Ultimamente, deu-me para uma certa nostalgia. Lembro-me dos primeiros tempos da blogosfera portuguesa e sinto uma pontinha de comoção orgulhosa por ter feito parte daquele núcleo que viu a coisa crescer e tomar proporções desmesuradas. Está tudo muito diferente. Antes, eu podia ir a uma festa e apresentar-me como little black spot e toda a gente sabia quem eu era. Ok, nem toda a gente. Uma vez estive numa festa em que também estava o Pedro Mexia e ele não me conhecia. Mas uma amiga que ia comigo conhecia-o a ele e disse-lhe "esta é a little black spot". Portanto, ia dar tudo ao mesmo, o mundo era razoavelmente pequeno. Ter um blog era como ter um nome visível. Hoje, tem-se um blog e um twitter e um facebook e um myspace e um flickr e um tumblr e um last.fm e um raio que nos parta... E nada chega, tentamos desesperadamente tornar-nos visíveis e somos largamente atropelados pela multidão. Tentamos, como quem diz... Eu não tento grande coisa, sou apenas um ponto anónimo, com alguns seguidores fiéis, que não se destaca da multidão.



Quando eu digo que isto anda tudo ligado, é porque anda mesmo tudo ligado. Estava eu nestas deambulações nostálgicas, quando reparo neste post do Alexandre Andrade:

«Lembram-se dos primeiros tempos da blogosfera portuguesa? Ah, as saudades! Os bloggers activos eram tão poucos que se conheciam quase todos pelo nome e apelido (ou por um "nick" bem esgalhado), os insultos choviam (desse ponto de vista, pouco mudou), trocavam-se parabéns nos aniversários, não havia "tag clouds" nem aquelas irritantes e inúteis sugestões no fim dos posts ("Poderá também gostar de..."). (...)»

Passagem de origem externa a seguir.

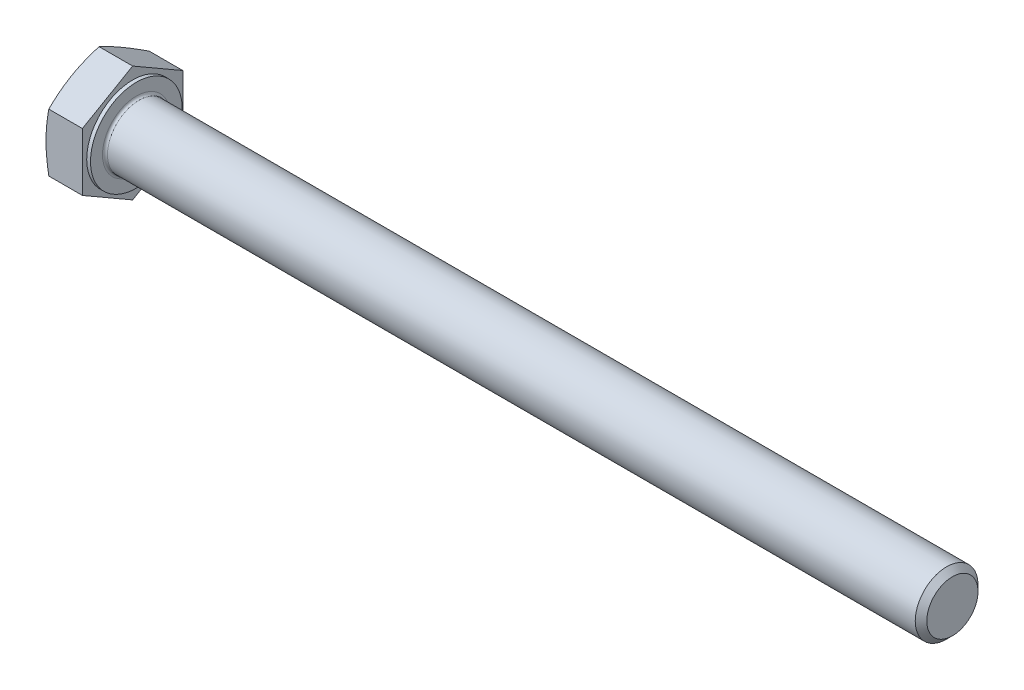
ISO-10303-21;
HEADER;
FILE_DESCRIPTION(('STEP AP214'),'2;1');
FILE_NAME('part.step','',(''),(''),'','','');
FILE_SCHEMA(('AUTOMOTIVE_DESIGN { 1 0 10303 214 1 1 1 1 }'));
ENDSEC;
DATA;
#1=APPLICATION_CONTEXT('core data for automotive mechanical design processes');
#2=APPLICATION_PROTOCOL_DEFINITION('international standard','automotive_design',2000,#1);
#3=PRODUCT_CONTEXT('',#1,'mechanical');
#4=PRODUCT('Part','Part','',(#3));
#5=PRODUCT_RELATED_PRODUCT_CATEGORY('part','',(#4));
#6=PRODUCT_DEFINITION_FORMATION('','',#4);
#7=PRODUCT_DEFINITION_CONTEXT('part definition',#1,'design');
#8=PRODUCT_DEFINITION('design','',#6,#7);
#9=PRODUCT_DEFINITION_SHAPE('','',#8);
#10=(LENGTH_UNIT() NAMED_UNIT(*) SI_UNIT(.MILLI.,.METRE.));
#11=(NAMED_UNIT(*) PLANE_ANGLE_UNIT() SI_UNIT($,.RADIAN.));
#12=(NAMED_UNIT(*) SI_UNIT($,.STERADIAN.) SOLID_ANGLE_UNIT());
#13=UNCERTAINTY_MEASURE_WITH_UNIT(LENGTH_MEASURE(1.E-05),#10,'distance_accuracy_value','');
#14=(GEOMETRIC_REPRESENTATION_CONTEXT(3) GLOBAL_UNCERTAINTY_ASSIGNED_CONTEXT((#13)) GLOBAL_UNIT_ASSIGNED_CONTEXT((#10,
#11,#12)) REPRESENTATION_CONTEXT('',''));
#15=CARTESIAN_POINT('',(0.,0.,0.));
#16=DIRECTION('',(0.,0.,1.));
#17=DIRECTION('',(1.,0.,0.));
#18=AXIS2_PLACEMENT_3D('',#15,#16,#17);
#19=CARTESIAN_POINT('',(-6.40000000000001,4.,0.));
#20=DIRECTION('',(-1.,0.,0.));
#21=DIRECTION('',(0.,-1.,0.));
#22=AXIS2_PLACEMENT_3D('',#19,#20,#21);
#23=PLANE('',#22);
#24=CARTESIAN_POINT('',(-6.4,0.,0.));
#25=DIRECTION('',(1.,0.,0.));
#26=DIRECTION('',(0.,0.,-1.));
#27=AXIS2_PLACEMENT_3D('',#24,#25,#26);
#28=CIRCLE('',#27,8.);
#29=CARTESIAN_POINT('',(-6.4,0.,8.));
#30=VERTEX_POINT('',#29);
#31=CARTESIAN_POINT('',(-6.4,-6.92820323027551,4.));
#32=VERTEX_POINT('',#31);
#33=EDGE_CURVE('E91',#30,#32,#28,.T.);
#34=ORIENTED_EDGE('',*,*,#33,.F.);
#35=CARTESIAN_POINT('',(-6.4,0.,0.));
#36=DIRECTION('',(1.,0.,0.));
#37=DIRECTION('',(0.,0.,-1.));
#38=AXIS2_PLACEMENT_3D('',#35,#36,#37);
#39=CIRCLE('',#38,8.);
#40=CARTESIAN_POINT('',(-6.4,6.92820323027551,4.));
#41=VERTEX_POINT('',#40);
#42=EDGE_CURVE('E88',#41,#30,#39,.T.);
#43=ORIENTED_EDGE('',*,*,#42,.F.);
#44=CARTESIAN_POINT('',(-6.4,0.,0.));
#45=DIRECTION('',(1.,0.,0.));
#46=DIRECTION('',(0.,0.,-1.));
#47=AXIS2_PLACEMENT_3D('',#44,#45,#46);
#48=CIRCLE('',#47,8.);
#49=CARTESIAN_POINT('',(-6.4,6.92820323027551,-4.));
#50=VERTEX_POINT('',#49);
#51=EDGE_CURVE('E20',#50,#41,#48,.T.);
#52=ORIENTED_EDGE('',*,*,#51,.F.);
#53=CARTESIAN_POINT('',(-6.4,0.,0.));
#54=DIRECTION('',(1.,0.,0.));
#55=DIRECTION('',(0.,0.,-1.));
#56=AXIS2_PLACEMENT_3D('',#53,#54,#55);
#57=CIRCLE('',#56,8.);
#58=CARTESIAN_POINT('',(-6.4,0.,-8.));
#59=VERTEX_POINT('',#58);
#60=EDGE_CURVE('E458',#59,#50,#57,.T.);
#61=ORIENTED_EDGE('',*,*,#60,.F.);
#62=CARTESIAN_POINT('',(-6.4,0.,0.));
#63=DIRECTION('',(1.,0.,0.));
#64=DIRECTION('',(0.,0.,-1.));
#65=AXIS2_PLACEMENT_3D('',#62,#63,#64);
#66=CIRCLE('',#65,8.);
#67=CARTESIAN_POINT('',(-6.4,-6.92820323027551,-4.));
#68=VERTEX_POINT('',#67);
#69=EDGE_CURVE('E144',#68,#59,#66,.T.);
#70=ORIENTED_EDGE('',*,*,#69,.F.);
#71=CARTESIAN_POINT('',(-6.4,0.,0.));
#72=DIRECTION('',(1.,0.,0.));
#73=DIRECTION('',(0.,0.,-1.));
#74=AXIS2_PLACEMENT_3D('',#71,#72,#73);
#75=CIRCLE('',#74,8.);
#76=EDGE_CURVE('E461',#32,#68,#75,.T.);
#77=ORIENTED_EDGE('',*,*,#76,.F.);
#78=EDGE_LOOP('',(#34,#43,#52,#61,#70,#77));
#79=FACE_BOUND('',#78,.T.);
#80=ADVANCED_FACE('F17',(#79),#23,.T.);
#81=CARTESIAN_POINT('',(-5.94684616366261,0.,0.));
#82=DIRECTION('',(1.,0.,0.));
#83=DIRECTION('',(0.,0.,-1.));
#84=AXIS2_PLACEMENT_3D('',#81,#82,#83);
#85=CONICAL_SURFACE('',#84,9.24502993287622,1.22173047639603);
#86=CARTESIAN_POINT('',(-5.94954887043997,9.23760430703401,0.));
#87=CARTESIAN_POINT('',(-6.0189554919584,9.04699301373568,-0.330148444489122));
#88=CARTESIAN_POINT('',(-6.08210881983726,8.85574168662193,-0.661405460065111));
#89=CARTESIAN_POINT('',(-6.19312435223035,8.4725470898503,-1.32511797085945));
#90=CARTESIAN_POINT('',(-6.2410180539724,8.2806060833912,-1.65756954610252));
#91=CARTESIAN_POINT('',(-6.29954477675596,7.99197193503742,-2.15749855585063));
#92=CARTESIAN_POINT('',(-6.31683744818615,7.89561522083007,-2.32439328050816));
#93=CARTESIAN_POINT('',(-6.34671128613204,7.70271864001328,-2.65849995908915));
#94=CARTESIAN_POINT('',(-6.35929248729026,7.60617877475577,-2.82571191067102));
#95=CARTESIAN_POINT('',(-6.37954032349552,7.41276991866169,-3.16070587605975));
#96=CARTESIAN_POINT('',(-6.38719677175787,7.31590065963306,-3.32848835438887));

Eu lembro-me desses tempos. De conhecer as pessoas, de saber coisas sobre elas, de nos tratarmos todos pelo nome e de serem especiais todos os acasos que nos reuniam num mesmo lugar. Tenho saudades de muitas coisas. Dos círculos de blogs amigos e de todas as implicações líricas que daí advinham. Tenho saudades da Janela Indiscreta. Tenho saudades de uma tarde no Porto, em que conheci a Alexandra, que nunca tornei a ver, mas que é provavelmente, de um modo abstracto e impossível de explicar, a pessoa que mais gosto de ler, com um tipo de gostar que se mistura com o gostar da pessoa em si. Tenho saudades da lentidão. A vida acontecia-me mais lentamente, e a escrita também. Agora parece que saborear é um verbo fora de moda. Ou talvez seja só cansaço. Vou ali repousar os meus verbos e já volto.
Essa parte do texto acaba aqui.